Copy out the entries below exactly as they stand, but only from the line containing "unnamed: CPU-USB-HEADER.4, IBC.23" through the line containing "unnamed: STEPDRV2.5 (!RESET), STEPDRV2.6".

Records from a collection:
Start of Block
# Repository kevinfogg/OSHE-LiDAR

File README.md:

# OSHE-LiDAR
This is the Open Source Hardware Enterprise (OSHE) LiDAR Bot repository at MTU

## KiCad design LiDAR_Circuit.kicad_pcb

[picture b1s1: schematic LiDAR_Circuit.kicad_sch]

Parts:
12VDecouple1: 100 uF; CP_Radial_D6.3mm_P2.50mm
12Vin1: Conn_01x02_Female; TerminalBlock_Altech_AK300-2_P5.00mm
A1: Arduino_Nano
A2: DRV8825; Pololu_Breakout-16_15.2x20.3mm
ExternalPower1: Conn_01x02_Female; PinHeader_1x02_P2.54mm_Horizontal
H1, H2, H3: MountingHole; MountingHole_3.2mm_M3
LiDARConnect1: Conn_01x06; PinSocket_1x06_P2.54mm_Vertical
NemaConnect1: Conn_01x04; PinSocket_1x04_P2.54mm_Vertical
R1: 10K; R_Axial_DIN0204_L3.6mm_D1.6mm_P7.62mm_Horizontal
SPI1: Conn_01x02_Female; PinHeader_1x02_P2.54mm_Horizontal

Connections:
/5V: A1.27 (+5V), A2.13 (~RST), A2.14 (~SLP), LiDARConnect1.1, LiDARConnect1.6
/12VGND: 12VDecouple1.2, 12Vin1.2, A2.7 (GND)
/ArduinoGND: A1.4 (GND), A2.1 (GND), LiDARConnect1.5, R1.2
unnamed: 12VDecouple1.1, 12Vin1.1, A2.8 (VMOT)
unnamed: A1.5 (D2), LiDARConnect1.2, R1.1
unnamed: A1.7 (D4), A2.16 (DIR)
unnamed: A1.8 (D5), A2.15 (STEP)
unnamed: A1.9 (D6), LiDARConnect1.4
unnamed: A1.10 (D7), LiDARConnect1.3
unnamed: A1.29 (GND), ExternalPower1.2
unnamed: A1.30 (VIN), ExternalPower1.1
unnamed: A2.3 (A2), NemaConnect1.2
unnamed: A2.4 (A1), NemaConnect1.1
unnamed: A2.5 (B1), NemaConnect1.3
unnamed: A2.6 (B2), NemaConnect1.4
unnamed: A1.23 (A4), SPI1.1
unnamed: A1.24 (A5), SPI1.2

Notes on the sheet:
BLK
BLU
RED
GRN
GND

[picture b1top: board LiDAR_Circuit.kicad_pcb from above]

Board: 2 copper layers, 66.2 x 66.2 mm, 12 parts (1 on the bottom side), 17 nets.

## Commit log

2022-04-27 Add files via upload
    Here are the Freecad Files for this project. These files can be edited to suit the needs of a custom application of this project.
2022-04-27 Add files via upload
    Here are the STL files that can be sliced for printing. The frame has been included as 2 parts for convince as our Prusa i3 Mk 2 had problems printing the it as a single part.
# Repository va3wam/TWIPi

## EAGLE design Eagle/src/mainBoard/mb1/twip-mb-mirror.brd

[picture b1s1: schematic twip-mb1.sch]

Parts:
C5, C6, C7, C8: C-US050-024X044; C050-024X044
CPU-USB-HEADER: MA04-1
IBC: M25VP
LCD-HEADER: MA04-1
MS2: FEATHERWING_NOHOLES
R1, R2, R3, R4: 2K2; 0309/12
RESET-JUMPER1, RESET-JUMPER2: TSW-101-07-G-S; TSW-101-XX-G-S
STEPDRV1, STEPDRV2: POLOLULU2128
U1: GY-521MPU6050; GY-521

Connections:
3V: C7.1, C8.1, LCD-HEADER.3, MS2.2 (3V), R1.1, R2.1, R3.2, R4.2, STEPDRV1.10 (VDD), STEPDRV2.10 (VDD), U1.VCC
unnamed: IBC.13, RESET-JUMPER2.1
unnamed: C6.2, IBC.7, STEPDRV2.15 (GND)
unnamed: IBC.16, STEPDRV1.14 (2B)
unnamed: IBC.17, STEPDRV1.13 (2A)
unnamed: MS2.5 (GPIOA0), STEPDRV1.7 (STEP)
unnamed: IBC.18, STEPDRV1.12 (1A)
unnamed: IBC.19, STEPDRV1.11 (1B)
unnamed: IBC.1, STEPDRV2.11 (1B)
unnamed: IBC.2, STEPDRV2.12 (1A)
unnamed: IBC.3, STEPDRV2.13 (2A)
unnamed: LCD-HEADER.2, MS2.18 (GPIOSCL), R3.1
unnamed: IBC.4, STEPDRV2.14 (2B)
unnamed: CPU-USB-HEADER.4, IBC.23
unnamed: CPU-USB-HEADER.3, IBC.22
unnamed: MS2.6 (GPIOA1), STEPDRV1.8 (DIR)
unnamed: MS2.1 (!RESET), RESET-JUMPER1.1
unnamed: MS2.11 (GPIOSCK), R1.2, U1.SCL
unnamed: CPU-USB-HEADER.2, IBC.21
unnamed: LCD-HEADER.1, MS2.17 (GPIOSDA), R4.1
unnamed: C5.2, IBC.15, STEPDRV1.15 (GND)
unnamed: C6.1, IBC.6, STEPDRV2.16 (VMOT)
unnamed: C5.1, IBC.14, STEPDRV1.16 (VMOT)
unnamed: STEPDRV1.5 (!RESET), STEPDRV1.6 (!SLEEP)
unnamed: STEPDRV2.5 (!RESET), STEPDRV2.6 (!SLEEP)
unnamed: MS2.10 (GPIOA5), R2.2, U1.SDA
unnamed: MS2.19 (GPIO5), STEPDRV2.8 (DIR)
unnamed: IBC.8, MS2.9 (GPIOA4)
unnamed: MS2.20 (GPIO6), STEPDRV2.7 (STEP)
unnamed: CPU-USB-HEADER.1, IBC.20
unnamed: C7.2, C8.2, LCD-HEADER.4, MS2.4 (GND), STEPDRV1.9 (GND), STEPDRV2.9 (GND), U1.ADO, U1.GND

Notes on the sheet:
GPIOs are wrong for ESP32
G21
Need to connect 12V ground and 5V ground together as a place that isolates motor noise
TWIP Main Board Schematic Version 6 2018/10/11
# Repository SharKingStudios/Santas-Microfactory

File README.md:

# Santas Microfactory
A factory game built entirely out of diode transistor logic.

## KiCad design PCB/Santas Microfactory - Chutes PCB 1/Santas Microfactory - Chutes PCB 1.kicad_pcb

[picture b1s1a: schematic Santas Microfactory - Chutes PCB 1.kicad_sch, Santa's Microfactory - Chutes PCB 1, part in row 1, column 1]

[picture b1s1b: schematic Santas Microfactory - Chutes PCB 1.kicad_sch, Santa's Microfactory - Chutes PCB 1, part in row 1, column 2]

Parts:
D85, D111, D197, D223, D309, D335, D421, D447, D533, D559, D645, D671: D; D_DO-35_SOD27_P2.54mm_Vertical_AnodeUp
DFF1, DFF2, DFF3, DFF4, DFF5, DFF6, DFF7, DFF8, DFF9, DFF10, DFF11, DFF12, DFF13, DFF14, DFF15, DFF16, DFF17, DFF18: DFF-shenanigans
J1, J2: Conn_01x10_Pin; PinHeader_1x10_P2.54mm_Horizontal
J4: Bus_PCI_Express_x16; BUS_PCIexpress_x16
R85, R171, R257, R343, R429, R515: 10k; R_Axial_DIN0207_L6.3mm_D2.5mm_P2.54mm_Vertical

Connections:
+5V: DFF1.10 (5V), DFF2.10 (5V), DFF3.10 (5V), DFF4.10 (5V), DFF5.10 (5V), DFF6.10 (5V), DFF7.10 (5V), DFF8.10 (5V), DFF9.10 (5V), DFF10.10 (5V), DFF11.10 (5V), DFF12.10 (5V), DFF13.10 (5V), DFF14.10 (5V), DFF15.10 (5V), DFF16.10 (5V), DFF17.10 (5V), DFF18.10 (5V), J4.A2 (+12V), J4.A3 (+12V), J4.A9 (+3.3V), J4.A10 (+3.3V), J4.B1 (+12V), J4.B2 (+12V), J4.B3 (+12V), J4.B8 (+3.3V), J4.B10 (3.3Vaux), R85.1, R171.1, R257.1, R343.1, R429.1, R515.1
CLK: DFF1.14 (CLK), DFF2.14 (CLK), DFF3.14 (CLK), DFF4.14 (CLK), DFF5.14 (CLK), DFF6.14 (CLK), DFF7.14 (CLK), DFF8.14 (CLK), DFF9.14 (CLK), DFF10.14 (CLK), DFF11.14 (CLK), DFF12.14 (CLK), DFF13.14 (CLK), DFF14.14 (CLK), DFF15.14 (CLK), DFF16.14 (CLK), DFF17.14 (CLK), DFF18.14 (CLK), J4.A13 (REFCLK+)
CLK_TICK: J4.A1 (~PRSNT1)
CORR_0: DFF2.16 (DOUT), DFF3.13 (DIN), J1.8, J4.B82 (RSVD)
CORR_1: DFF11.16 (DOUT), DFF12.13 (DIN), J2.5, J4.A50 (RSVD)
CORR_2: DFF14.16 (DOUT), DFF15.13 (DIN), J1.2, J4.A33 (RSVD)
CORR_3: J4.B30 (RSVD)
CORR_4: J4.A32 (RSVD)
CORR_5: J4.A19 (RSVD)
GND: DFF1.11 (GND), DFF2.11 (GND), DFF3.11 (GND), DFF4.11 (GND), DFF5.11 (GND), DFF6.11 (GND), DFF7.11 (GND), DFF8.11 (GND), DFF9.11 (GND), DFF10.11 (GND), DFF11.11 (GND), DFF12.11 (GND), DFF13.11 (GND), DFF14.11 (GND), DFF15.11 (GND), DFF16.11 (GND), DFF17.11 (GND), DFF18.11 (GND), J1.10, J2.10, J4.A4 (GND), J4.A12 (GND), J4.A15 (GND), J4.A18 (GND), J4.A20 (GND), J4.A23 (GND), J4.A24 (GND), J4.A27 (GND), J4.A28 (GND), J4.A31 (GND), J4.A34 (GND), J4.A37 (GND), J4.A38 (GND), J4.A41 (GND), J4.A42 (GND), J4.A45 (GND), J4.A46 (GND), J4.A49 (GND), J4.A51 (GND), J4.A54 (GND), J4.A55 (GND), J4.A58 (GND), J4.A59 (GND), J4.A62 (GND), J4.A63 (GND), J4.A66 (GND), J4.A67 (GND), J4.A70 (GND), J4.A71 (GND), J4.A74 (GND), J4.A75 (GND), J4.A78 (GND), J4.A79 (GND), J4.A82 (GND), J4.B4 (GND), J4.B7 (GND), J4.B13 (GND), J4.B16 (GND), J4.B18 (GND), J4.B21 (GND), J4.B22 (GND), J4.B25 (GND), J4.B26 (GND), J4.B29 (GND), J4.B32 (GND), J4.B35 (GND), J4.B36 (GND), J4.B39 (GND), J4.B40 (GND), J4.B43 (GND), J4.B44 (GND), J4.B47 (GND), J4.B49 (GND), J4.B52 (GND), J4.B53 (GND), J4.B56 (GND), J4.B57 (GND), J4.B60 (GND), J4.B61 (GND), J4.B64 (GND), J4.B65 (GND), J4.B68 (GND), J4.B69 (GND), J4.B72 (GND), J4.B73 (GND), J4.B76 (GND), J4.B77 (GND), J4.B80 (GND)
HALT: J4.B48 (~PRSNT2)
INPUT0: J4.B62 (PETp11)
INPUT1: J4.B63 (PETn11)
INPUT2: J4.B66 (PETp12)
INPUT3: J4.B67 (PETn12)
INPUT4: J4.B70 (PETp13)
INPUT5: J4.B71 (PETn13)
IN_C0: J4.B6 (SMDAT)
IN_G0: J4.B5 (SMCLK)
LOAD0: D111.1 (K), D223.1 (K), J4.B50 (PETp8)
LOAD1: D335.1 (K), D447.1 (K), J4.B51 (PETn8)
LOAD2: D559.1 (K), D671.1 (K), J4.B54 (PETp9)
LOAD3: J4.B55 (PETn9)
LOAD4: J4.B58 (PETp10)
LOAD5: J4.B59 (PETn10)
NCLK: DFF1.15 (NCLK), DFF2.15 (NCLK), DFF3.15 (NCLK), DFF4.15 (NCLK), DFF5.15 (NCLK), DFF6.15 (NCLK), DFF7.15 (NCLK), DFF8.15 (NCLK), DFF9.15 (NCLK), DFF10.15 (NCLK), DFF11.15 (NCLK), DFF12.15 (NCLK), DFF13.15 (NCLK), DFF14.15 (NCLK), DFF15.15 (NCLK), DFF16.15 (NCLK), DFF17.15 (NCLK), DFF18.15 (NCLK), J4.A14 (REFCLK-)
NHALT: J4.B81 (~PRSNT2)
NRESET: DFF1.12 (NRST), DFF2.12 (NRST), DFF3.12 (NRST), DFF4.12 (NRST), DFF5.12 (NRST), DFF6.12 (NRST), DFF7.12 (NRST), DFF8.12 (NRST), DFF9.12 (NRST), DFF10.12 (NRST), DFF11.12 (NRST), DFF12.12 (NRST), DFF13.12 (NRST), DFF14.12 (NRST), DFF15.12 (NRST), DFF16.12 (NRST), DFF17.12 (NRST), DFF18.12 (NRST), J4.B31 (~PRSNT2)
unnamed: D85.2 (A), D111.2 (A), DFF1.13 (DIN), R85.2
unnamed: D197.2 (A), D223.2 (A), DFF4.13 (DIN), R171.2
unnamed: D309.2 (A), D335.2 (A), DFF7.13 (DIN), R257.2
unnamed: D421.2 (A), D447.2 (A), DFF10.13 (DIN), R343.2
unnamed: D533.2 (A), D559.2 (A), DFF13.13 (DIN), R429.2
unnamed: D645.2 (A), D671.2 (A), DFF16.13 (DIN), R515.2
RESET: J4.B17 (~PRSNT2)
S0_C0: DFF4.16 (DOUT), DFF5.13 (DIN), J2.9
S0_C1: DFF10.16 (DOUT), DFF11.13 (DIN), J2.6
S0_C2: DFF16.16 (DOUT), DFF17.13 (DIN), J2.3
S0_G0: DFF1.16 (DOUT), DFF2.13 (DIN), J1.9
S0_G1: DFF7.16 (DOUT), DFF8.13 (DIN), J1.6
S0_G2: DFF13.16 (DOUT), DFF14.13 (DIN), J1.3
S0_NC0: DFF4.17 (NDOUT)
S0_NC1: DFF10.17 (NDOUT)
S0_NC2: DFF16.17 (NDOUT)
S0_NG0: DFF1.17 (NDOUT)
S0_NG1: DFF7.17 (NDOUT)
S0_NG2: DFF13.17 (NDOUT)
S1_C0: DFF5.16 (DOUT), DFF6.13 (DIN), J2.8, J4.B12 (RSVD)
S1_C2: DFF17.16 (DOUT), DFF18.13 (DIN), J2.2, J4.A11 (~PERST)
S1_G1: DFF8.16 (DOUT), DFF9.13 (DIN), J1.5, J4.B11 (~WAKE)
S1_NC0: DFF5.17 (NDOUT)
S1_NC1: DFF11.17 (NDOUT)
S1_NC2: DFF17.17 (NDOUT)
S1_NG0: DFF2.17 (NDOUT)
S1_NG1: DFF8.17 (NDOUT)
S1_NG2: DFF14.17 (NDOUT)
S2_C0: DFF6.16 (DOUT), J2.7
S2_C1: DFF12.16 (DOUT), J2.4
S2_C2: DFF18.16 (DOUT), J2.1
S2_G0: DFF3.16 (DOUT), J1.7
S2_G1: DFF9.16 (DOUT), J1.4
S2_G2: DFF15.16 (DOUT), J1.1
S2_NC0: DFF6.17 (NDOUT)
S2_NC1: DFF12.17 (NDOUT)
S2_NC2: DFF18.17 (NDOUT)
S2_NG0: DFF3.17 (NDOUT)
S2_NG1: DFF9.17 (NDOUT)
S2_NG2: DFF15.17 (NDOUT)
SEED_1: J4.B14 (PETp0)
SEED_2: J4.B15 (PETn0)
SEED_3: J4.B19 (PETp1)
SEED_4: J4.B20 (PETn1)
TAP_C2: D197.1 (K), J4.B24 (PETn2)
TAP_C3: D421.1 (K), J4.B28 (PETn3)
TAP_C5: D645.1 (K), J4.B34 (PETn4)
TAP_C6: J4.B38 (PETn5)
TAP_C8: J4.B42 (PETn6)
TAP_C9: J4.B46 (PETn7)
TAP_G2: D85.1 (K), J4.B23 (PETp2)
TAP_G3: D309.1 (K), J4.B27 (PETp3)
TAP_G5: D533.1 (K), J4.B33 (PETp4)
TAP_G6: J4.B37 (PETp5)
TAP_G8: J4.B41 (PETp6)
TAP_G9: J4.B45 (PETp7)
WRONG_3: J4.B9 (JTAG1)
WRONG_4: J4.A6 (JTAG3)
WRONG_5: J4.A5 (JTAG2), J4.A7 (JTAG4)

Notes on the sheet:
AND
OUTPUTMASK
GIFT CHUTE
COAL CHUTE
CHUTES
End of Block
Your response:
unnamed: CPU-USB-HEADER.4, IBC.23
unnamed: CPU-USB-HEADER.3, IBC.22
unnamed: MS2.6 (GPIOA1), STEPDRV1.8 (DIR)
unnamed: MS2.1 (!RESET), RESET-JUMPER1.1
unnamed: MS2.11 (GPIOSCK), R1.2, U1.SCL
unnamed: CPU-USB-HEADER.2, IBC.21
unnamed: LCD-HEADER.1, MS2.17 (GPIOSDA), R4.1
unnamed: C5.2, IBC.15, STEPDRV1.15 (GND)
unnamed: C6.1, IBC.6, STEPDRV2.16 (VMOT)
unnamed: C5.1, IBC.14, STEPDRV1.16 (VMOT)
unnamed: STEPDRV1.5 (!RESET), STEPDRV1.6 (!SLEEP)
unnamed: STEPDRV2.5 (!RESET), STEPDRV2.6 (!SLEEP)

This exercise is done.